Cross-regulatory mechanisms linking ferroptosis, epigenetics, and circadian rhythm to mitochondrial quality control in diabetic cardiomyopathy

Abstract

Diabetic cardiomyopathy (DCM) is a distinct cardiac disorder that develops independently of coronary artery disease and hypertension. Mitochondrial dysfunction is widely recognized as a hallmark pathological feature of DCM. Effective mitochondrial quality control (MQC) is critical for preserving cardiomyocyte metabolism and contractile performance, and its disruption substantially contributes to both disease initiation and progression. We synthesize current evidence on disruptions of MQC in diabetic cardiomyopathy. The spectrum covers imbalanced fission–fusion dynamics, attenuated mitochondrial biogenesis, compromised mitophagy, disturbed Ca²⁺ homeostasis, heightened ferroptotic vulnerability, loss of proteostasis, and epigenetic dysregulation. We emphasize the intricate cross-talk among these processes, which collectively exacerbate mitochondrial deterioration and myocardial injury.
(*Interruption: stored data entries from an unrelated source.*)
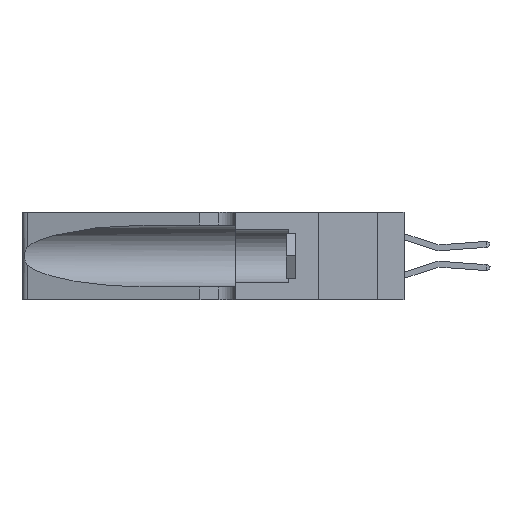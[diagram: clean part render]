
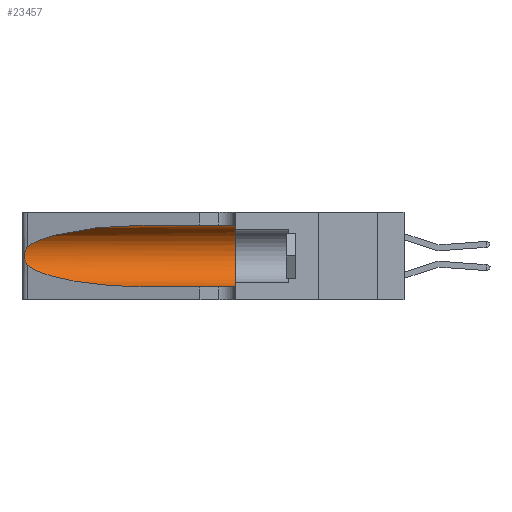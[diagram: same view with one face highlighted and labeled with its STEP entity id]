
A CAD part, left-side view. The second image highlights one B-rep face of the part: STEP entity #23457.
In plain terms, the highlighted cylindrical face has radius 3.308 mm (diameter 6.617 mm), a partial arc.
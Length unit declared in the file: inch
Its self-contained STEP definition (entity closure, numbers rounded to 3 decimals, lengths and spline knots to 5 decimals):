
#444 = CARTESIAN_POINT ( 'NONE',  ( 0.25555, 1.22993, 0.14849 ) ) ;
#1124 = CARTESIAN_POINT ( 'NONE',  ( 0.25487, 1.22718, 0.22369 ) ) ;
#1226 = VERTEX_POINT ( 'NONE', #18176 ) ;
#2825 = CARTESIAN_POINT ( 'NONE',  ( 0.18966, 0.96281, 0.05475 ) ) ;
#4656 = LINE ( 'NONE', #45641, #13000 ) ;
#6210 = CARTESIAN_POINT ( 'NONE',  ( 0.25487, 1.22718, 0.14631 ) ) ;
#6690 =( BOUNDED_CURVE ( )  B_SPLINE_CURVE ( 3, ( #10833, #39004, #7424, #32061 ),
 .UNSPECIFIED., .F., .F. ) 
 B_SPLINE_CURVE_WITH_KNOTS ( ( 4, 4 ),
 ( 1.5708, 2.84003 ),
 .UNSPECIFIED. ) 
 CURVE ( )  GEOMETRIC_REPRESENTATION_ITEM ( )  RATIONAL_B_SPLINE_CURVE ( ( 1., 0.87, 0.87, 1. ) ) 
 REPRESENTATION_ITEM ( '' )  );
#7424 = CARTESIAN_POINT ( 'NONE',  ( 0.2373, 1.15595, 0.28018 ) ) ;
#7481 = CARTESIAN_POINT ( 'NONE',  ( 0.25787, 1.23484, 0.2124 ) ) ;
#10833 = CARTESIAN_POINT ( 'NONE',  ( 0.1305, 0.72297, 0.31525 ) ) ;
#11047 = CARTESIAN_POINT ( 'NONE',  ( 0.26018, 1.23835, 0.19895 ) ) ;
#12825 = CARTESIAN_POINT ( 'NONE',  ( 0.1305, 0.35, 0.185 ) ) ;
#13000 = VECTOR ( 'NONE', #42102, 39.37008 ) ;
#14251 = CARTESIAN_POINT ( 'NONE',  ( 0.1305, 1.61858, 0.05475 ) ) ;
#14609 = CARTESIAN_POINT ( 'NONE',  ( 0.26075, 1.23896, 0.178 ) ) ;
#14857 = VERTEX_POINT ( 'NONE', #22991 ) ;
#14940 = B_SPLINE_CURVE_WITH_KNOTS ( 'NONE', 3,
 ( #25107, #21576, #28647, #7481, #32115, #11047, #35691, #14609, #39206, #18192, #42758, #21733, #444, #25254 ),
 .UNSPECIFIED., .F., .F.,
 ( 4, 2, 2, 2, 2, 2, 4 ),
 ( 0., 0.00027, 0.00053, 0.00107, 0.0016, 0.00187, 0.00214 ),
 .UNSPECIFIED. ) ;
#15015 = AXIS2_PLACEMENT_3D ( 'NONE', #12825, #37451, #16387 ) ;
#16387 = DIRECTION ( 'NONE',  ( 0., 0., 1. ) ) ;
#16590 = EDGE_CURVE ( 'NONE', #38138, #14857, #4656, .T. ) ;
#17329 = FACE_OUTER_BOUND ( 'NONE', #34951, .T. ) ;
#18176 = CARTESIAN_POINT ( 'NONE',  ( 0.25487, 1.22718, 0.14631 ) ) ;
#18192 = CARTESIAN_POINT ( 'NONE',  ( 0.25856, 1.23593, 0.16098 ) ) ;
#18697 = CARTESIAN_POINT ( 'NONE',  ( 0.1305, 0.72297, 0.31525 ) ) ;
#19239 = ORIENTED_EDGE ( 'NONE', *, *, #27181, .T. ) ;
#19827 = CARTESIAN_POINT ( 'NONE',  ( 0.1305, 0.35, 0.05475 ) ) ;
#20502 = CARTESIAN_POINT ( 'NONE',  ( 0.2373, 1.15595, 0.08982 ) ) ;
#20887 = VERTEX_POINT ( 'NONE', #19827 ) ;
#21576 = CARTESIAN_POINT ( 'NONE',  ( 0.25555, 1.22994, 0.2215 ) ) ;
#21733 = CARTESIAN_POINT ( 'NONE',  ( 0.25639, 1.23186, 0.15144 ) ) ;
#22991 = CARTESIAN_POINT ( 'NONE',  ( 0.1305, 0.35, 0.31525 ) ) ;
#23457 = ADVANCED_FACE ( 'NONE', ( #17329 ), #44267, .F. ) ;
#23504 = CIRCLE ( 'NONE', #15015, 0.13025 ) ;
#25107 = CARTESIAN_POINT ( 'NONE',  ( 0.25487, 1.22718, 0.22369 ) ) ;
#25254 = CARTESIAN_POINT ( 'NONE',  ( 0.25487, 1.22718, 0.14631 ) ) ;
#26879 = ORIENTED_EDGE ( 'NONE', *, *, #16590, .F. ) ;
#27181 = EDGE_CURVE ( 'NONE', #1226, #30988, #31275, .T. ) ;
#27574 = CARTESIAN_POINT ( 'NONE',  ( 0.1305, 0.72297, 0.05475 ) ) ;
#28082 = AXIS2_PLACEMENT_3D ( 'NONE', #32190, #39284, #35778 ) ;
#28647 = CARTESIAN_POINT ( 'NONE',  ( 0.25639, 1.23184, 0.21858 ) ) ;
#30988 = VERTEX_POINT ( 'NONE', #36722 ) ;
#31211 = ORIENTED_EDGE ( 'NONE', *, *, #31223, .F. ) ;
#31223 = EDGE_CURVE ( 'NONE', #14857, #20887, #23504, .T. ) ;
#31275 =( BOUNDED_CURVE ( )  B_SPLINE_CURVE ( 3, ( #6210, #20502, #2825, #27574 ),
 .UNSPECIFIED., .F., .T. ) 
 B_SPLINE_CURVE_WITH_KNOTS ( ( 4, 4 ),
 ( 3.44316, 4.71239 ),
 .UNSPECIFIED. ) 
 CURVE ( )  GEOMETRIC_REPRESENTATION_ITEM ( )  RATIONAL_B_SPLINE_CURVE ( ( 1., 0.87, 0.87, 1. ) ) 
 REPRESENTATION_ITEM ( '' )  );
#32061 = CARTESIAN_POINT ( 'NONE',  ( 0.25487, 1.22718, 0.22369 ) ) ;
#32115 = CARTESIAN_POINT ( 'NONE',  ( 0.25854, 1.2359, 0.20912 ) ) ;
#32190 = CARTESIAN_POINT ( 'NONE',  ( 0.1305, 1.61858, 0.185 ) ) ;
#33060 = EDGE_CURVE ( 'NONE', #30988, #20887, #34546, .T. ) ;
#34546 = LINE ( 'NONE', #14251, #41698 ) ;
#34951 = EDGE_LOOP ( 'NONE', ( #35649, #35201, #19239, #44487, #31211, #26879 ) ) ;
#35201 = ORIENTED_EDGE ( 'NONE', *, *, #35434, .T. ) ;
#35434 = EDGE_CURVE ( 'NONE', #38171, #1226, #14940, .T. ) ;
#35649 = ORIENTED_EDGE ( 'NONE', *, *, #36022, .T. ) ;
#35691 = CARTESIAN_POINT ( 'NONE',  ( 0.26075, 1.23896, 0.19203 ) ) ;
#35778 = DIRECTION ( 'NONE',  ( 0., 0., -1. ) ) ;
#36022 = EDGE_CURVE ( 'NONE', #38138, #38171, #6690, .T. ) ;
#36722 = CARTESIAN_POINT ( 'NONE',  ( 0.1305, 0.72297, 0.05475 ) ) ;
#37451 = DIRECTION ( 'NONE',  ( 0., 1., 0. ) ) ;
#38138 = VERTEX_POINT ( 'NONE', #18697 ) ;
#38171 = VERTEX_POINT ( 'NONE', #1124 ) ;
#39004 = CARTESIAN_POINT ( 'NONE',  ( 0.18966, 0.96281, 0.31525 ) ) ;
#39206 = CARTESIAN_POINT ( 'NONE',  ( 0.26017, 1.23833, 0.17102 ) ) ;
#39284 = DIRECTION ( 'NONE',  ( 0., -1., 0. ) ) ;
#41698 = VECTOR ( 'NONE', #42426, 39.37008 ) ;
#42102 = DIRECTION ( 'NONE',  ( 0., -1., 0. ) ) ;
#42426 = DIRECTION ( 'NONE',  ( 0., -1., 0. ) ) ;
#42758 = CARTESIAN_POINT ( 'NONE',  ( 0.25789, 1.23486, 0.15765 ) ) ;
#44267 = CYLINDRICAL_SURFACE ( 'NONE', #28082, 0.13025 ) ;
#44487 = ORIENTED_EDGE ( 'NONE', *, *, #33060, .T. ) ;
#45641 = CARTESIAN_POINT ( 'NONE',  ( 0.1305, 1.61858, 0.31525 ) ) ;

Building on these mechanistic insights, we also summarize recent therapeutic advances targeting MQC, such as natural compounds, antidiabetic agents, and non-pharmacological approaches. These interventions show promise in modulating mitochondrial signaling and restoring homeostasis. Nevertheless, substantial barriers remain for clinical translation, including the limitations of existing experimental models, the low quality of supporting evidence, and pronounced inter-individual variability. Future research should focus on developing integrated, multi-target therapeutic strategies, particularly those addressing the regulatory roles of non-coding RNAs, epigenetic modifications, and post-translational protein regulation. Advancing these areas will be essential for establishing precise and effective MQC-targeted therapies in both preclinical and clinical contexts.